Exercise details:
Every line below must come back exactly as it stands, with the images omitted.

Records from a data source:
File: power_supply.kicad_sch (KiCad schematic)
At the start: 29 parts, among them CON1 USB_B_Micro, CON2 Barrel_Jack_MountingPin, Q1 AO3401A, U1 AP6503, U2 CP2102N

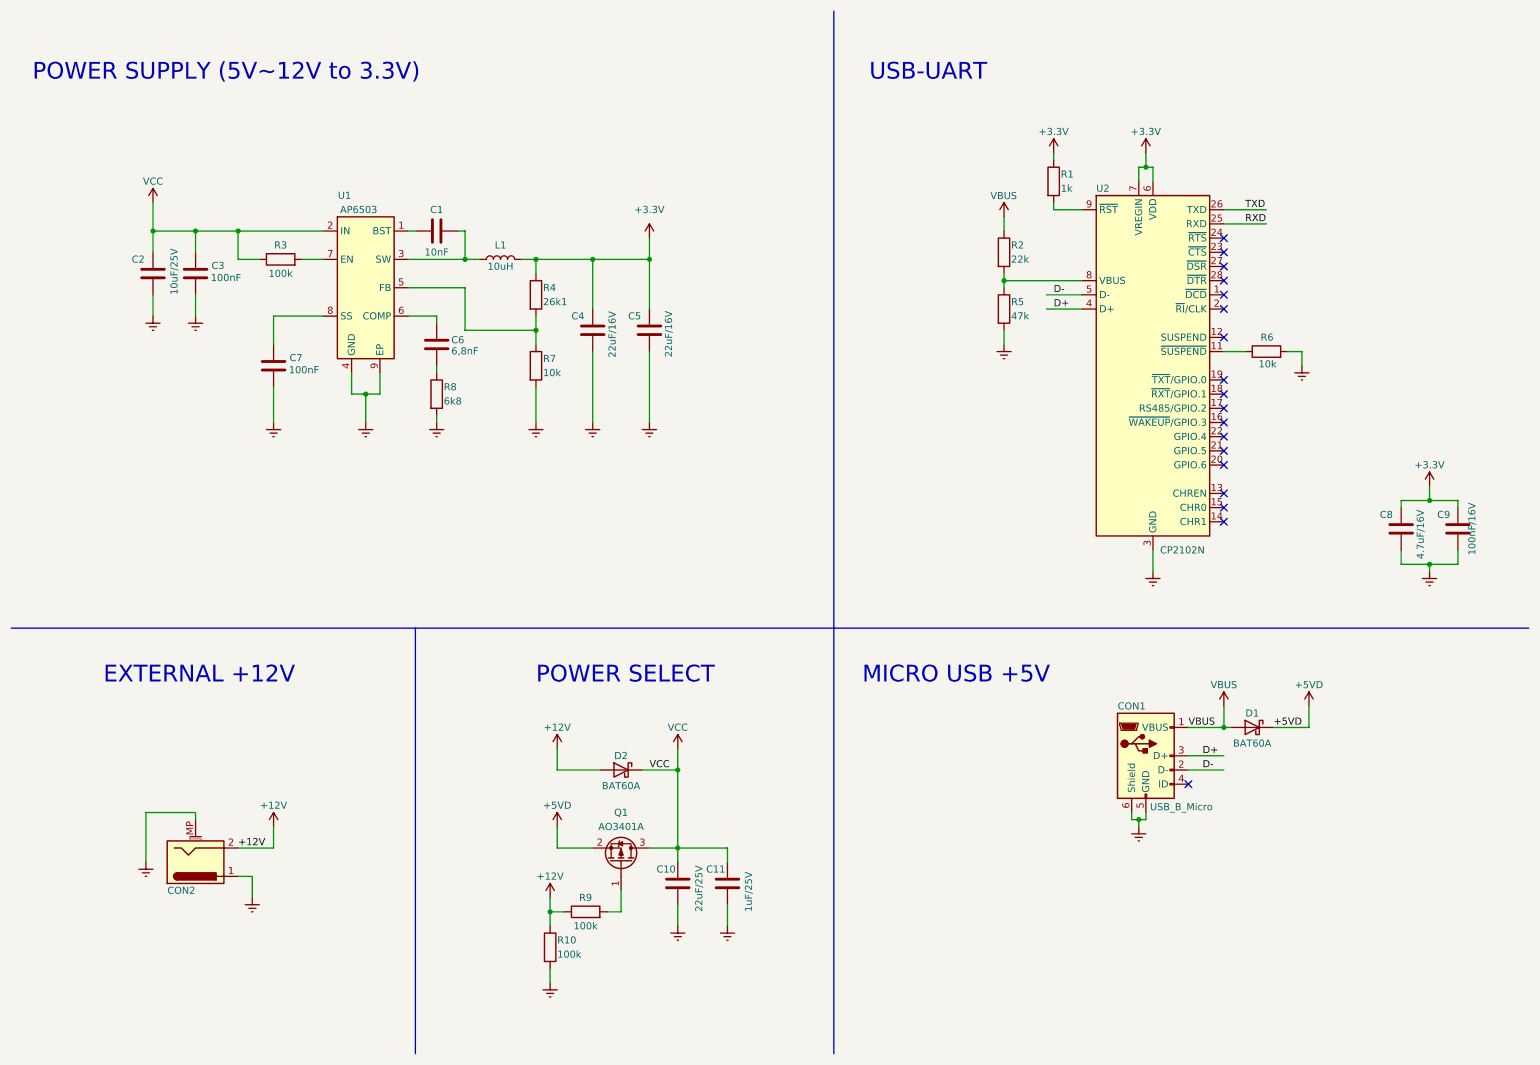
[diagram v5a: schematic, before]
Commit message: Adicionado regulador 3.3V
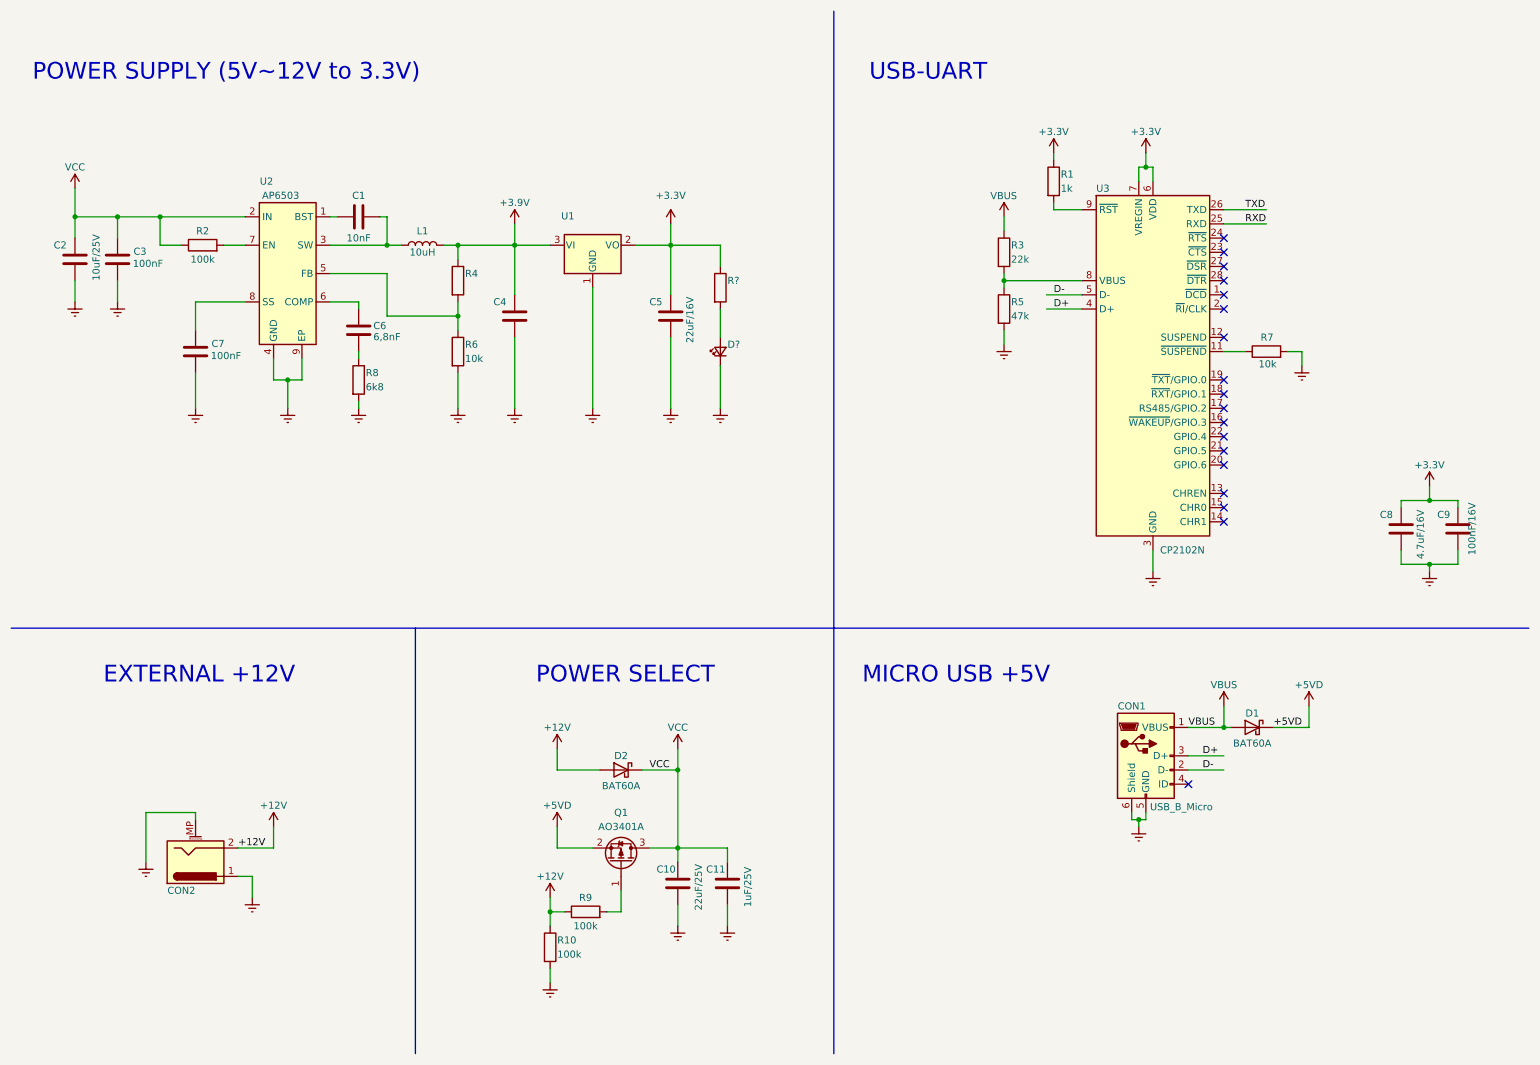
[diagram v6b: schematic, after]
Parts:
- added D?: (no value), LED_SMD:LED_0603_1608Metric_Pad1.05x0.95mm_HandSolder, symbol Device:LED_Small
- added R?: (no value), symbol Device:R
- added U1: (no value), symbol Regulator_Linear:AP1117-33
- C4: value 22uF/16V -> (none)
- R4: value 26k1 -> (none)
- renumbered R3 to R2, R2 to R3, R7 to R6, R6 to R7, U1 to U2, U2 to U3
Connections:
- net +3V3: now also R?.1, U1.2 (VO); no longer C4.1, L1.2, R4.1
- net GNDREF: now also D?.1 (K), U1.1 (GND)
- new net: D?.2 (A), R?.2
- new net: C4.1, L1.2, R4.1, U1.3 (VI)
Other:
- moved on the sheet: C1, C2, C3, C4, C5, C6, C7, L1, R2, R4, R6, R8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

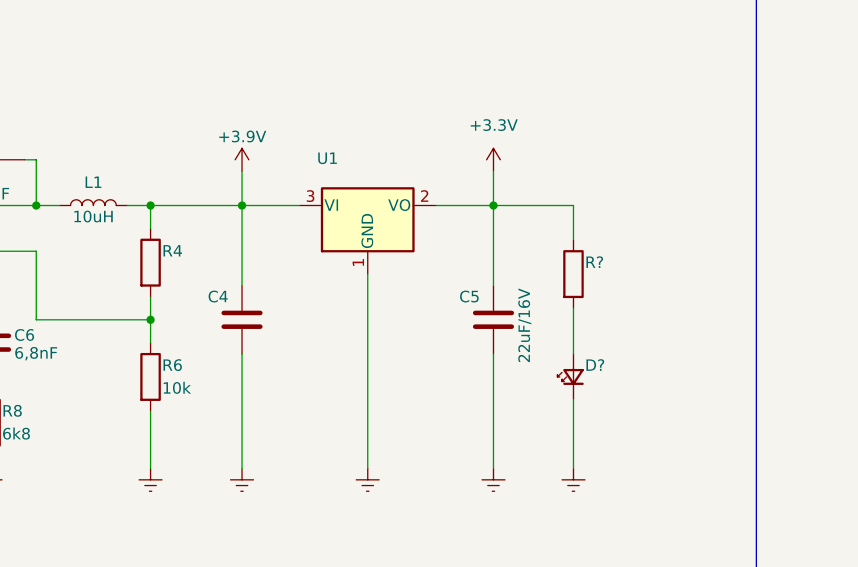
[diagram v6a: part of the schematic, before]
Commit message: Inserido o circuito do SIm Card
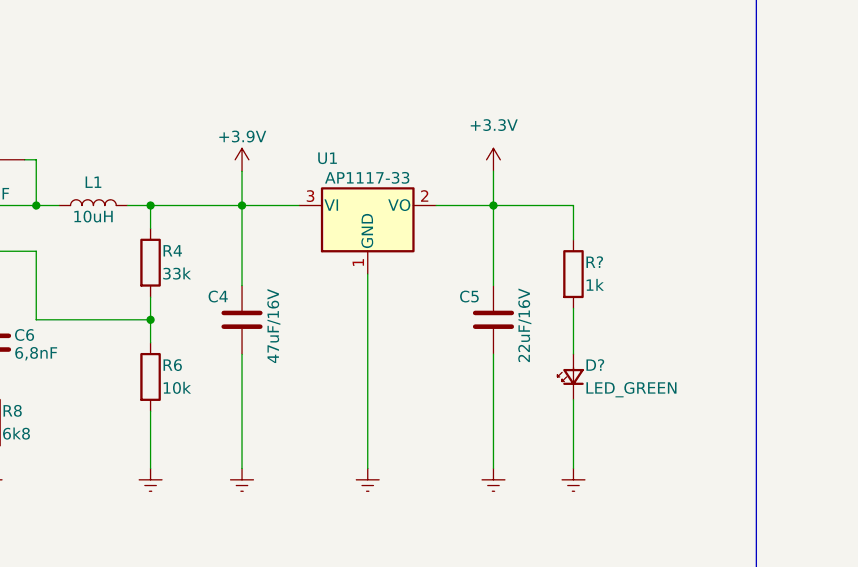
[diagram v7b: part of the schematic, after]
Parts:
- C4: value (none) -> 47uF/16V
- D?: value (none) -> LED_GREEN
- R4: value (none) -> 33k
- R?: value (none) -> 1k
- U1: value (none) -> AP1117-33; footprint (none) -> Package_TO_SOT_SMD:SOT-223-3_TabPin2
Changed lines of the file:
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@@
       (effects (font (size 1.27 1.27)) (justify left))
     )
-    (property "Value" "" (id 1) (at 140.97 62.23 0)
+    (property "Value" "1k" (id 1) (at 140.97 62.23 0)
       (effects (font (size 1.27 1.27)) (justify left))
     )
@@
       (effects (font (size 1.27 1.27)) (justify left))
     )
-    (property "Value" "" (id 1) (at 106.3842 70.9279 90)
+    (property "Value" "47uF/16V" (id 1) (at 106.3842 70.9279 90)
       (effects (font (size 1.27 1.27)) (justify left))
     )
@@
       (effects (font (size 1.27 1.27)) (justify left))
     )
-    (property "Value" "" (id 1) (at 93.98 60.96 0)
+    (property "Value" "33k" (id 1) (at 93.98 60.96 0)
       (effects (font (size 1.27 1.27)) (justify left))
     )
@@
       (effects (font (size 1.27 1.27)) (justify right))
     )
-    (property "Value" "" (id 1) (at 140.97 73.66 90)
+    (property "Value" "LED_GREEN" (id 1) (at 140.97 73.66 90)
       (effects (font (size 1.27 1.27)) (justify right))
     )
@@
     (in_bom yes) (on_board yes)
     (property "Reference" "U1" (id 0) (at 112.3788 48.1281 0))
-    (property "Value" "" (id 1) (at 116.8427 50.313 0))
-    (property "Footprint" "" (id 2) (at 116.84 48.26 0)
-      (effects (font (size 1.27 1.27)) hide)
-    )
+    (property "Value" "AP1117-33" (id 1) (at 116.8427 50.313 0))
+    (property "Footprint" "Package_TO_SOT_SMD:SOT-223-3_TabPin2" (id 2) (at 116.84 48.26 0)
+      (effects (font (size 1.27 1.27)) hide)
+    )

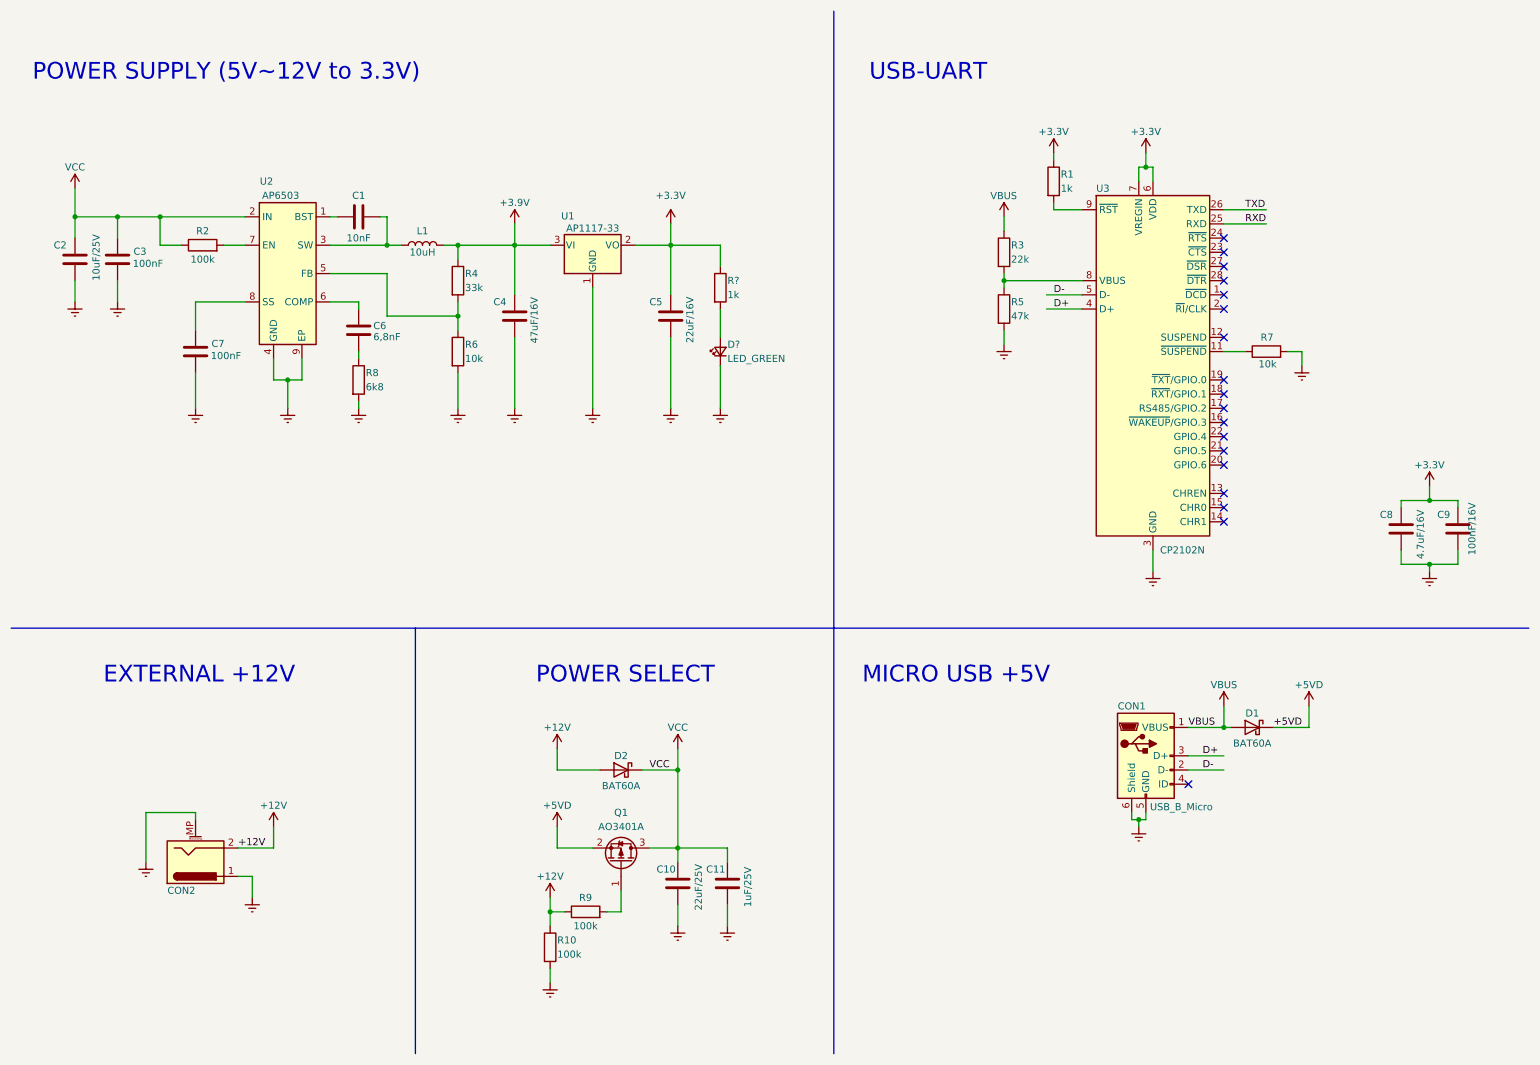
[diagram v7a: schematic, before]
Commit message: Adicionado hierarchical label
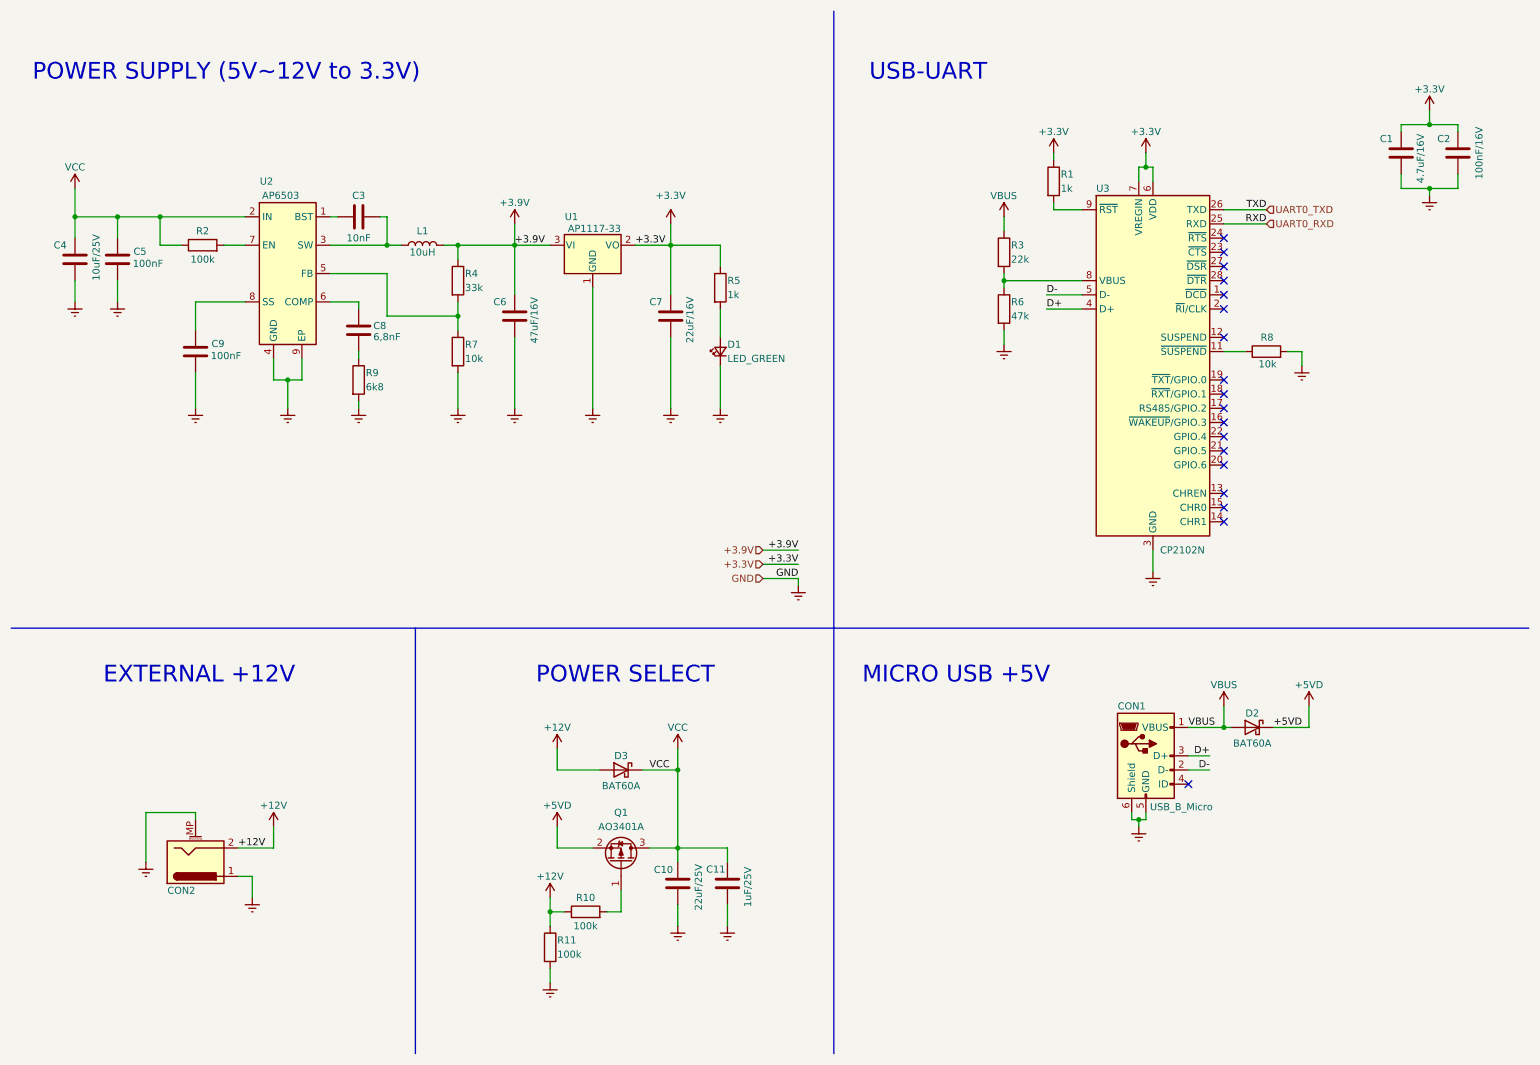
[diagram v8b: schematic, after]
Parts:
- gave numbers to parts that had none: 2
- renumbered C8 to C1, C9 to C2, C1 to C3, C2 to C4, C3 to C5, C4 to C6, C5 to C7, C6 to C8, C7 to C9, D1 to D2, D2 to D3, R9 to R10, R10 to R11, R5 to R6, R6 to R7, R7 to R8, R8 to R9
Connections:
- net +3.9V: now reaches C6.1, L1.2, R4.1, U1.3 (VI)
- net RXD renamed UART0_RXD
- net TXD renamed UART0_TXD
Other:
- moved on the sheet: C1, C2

Problem solution:
File: power_supply.kicad_sch (KiCad schematic)
At the start: 29 parts, among them CON1 USB_B_Micro, CON2 Barrel_Jack_MountingPin, Q1 AO3401A, U1 AP6503, U2 CP2102N

[diagram v5a: schematic, before]
Commit message: Adicionado regulador 3.3V
[diagram v6b: schematic, after]
Parts:
- added D?: (no value), LED_SMD:LED_0603_1608Metric_Pad1.05x0.95mm_HandSolder, symbol Device:LED_Small
- added R?: (no value), symbol Device:R
- added U1: (no value), symbol Regulator_Linear:AP1117-33
- C4: value 22uF/16V -> (none)
- R4: value 26k1 -> (none)
- renumbered R3 to R2, R2 to R3, R7 to R6, R6 to R7, U1 to U2, U2 to U3
Connections:
- net +3V3: now also R?.1, U1.2 (VO); no longer C4.1, L1.2, R4.1
- net GNDREF: now also D?.1 (K), U1.1 (GND)
- new net: D?.2 (A), R?.2
- new net: C4.1, L1.2, R4.1, U1.3 (VI)
Other:
- moved on the sheet: C1, C2, C3, C4, C5, C6, C7, L1, R2, R4, R6, R8

[diagram v6a: part of the schematic, before]
Commit message: Inserido o circuito do SIm Card
[diagram v7b: part of the schematic, after]
Parts:
- C4: value (none) -> 47uF/16V
- D?: value (none) -> LED_GREEN
- R4: value (none) -> 33k
- R?: value (none) -> 1k
- U1: value (none) -> AP1117-33; footprint (none) -> Package_TO_SOT_SMD:SOT-223-3_TabPin2
Changed lines of the file:
@@
       (effects (font (size 1.27 1.27)) (justify left))
     )
-    (property "Value" "" (id 1) (at 140.97 62.23 0)
+    (property "Value" "1k" (id 1) (at 140.97 62.23 0)
       (effects (font (size 1.27 1.27)) (justify left))
     )
@@
       (effects (font (size 1.27 1.27)) (justify left))
     )
-    (property "Value" "" (id 1) (at 106.3842 70.9279 90)
+    (property "Value" "47uF/16V" (id 1) (at 106.3842 70.9279 90)
       (effects (font (size 1.27 1.27)) (justify left))
     )
@@
       (effects (font (size 1.27 1.27)) (justify left))
     )
-    (property "Value" "" (id 1) (at 93.98 60.96 0)
+    (property "Value" "33k" (id 1) (at 93.98 60.96 0)
       (effects (font (size 1.27 1.27)) (justify left))
     )
@@
       (effects (font (size 1.27 1.27)) (justify right))
     )
-    (property "Value" "" (id 1) (at 140.97 73.66 90)
+    (property "Value" "LED_GREEN" (id 1) (at 140.97 73.66 90)
       (effects (font (size 1.27 1.27)) (justify right))
     )
@@
     (in_bom yes) (on_board yes)
     (property "Reference" "U1" (id 0) (at 112.3788 48.1281 0))
-    (property "Value" "" (id 1) (at 116.8427 50.313 0))
-    (property "Footprint" "" (id 2) (at 116.84 48.26 0)
-      (effects (font (size 1.27 1.27)) hide)
-    )
+    (property "Value" "AP1117-33" (id 1) (at 116.8427 50.313 0))
+    (property "Footprint" "Package_TO_SOT_SMD:SOT-223-3_TabPin2" (id 2) (at 116.84 48.26 0)
+      (effects (font (size 1.27 1.27)) hide)
+    )

[diagram v7a: schematic, before]
Commit message: Adicionado hierarchical label
[diagram v8b: schematic, after]
Parts:
- gave numbers to parts that had none: 2
- renumbered C8 to C1, C9 to C2, C1 to C3, C2 to C4, C3 to C5, C4 to C6, C5 to C7, C6 to C8, C7 to C9, D1 to D2, D2 to D3, R9 to R10, R10 to R11, R5 to R6, R6 to R7, R7 to R8, R8 to R9
Connections:
- net +3.9V: now reaches C6.1, L1.2, R4.1, U1.3 (VI)
- net RXD renamed UART0_RXD
- net TXD renamed UART0_TXD
Other:
- moved on the sheet: C1, C2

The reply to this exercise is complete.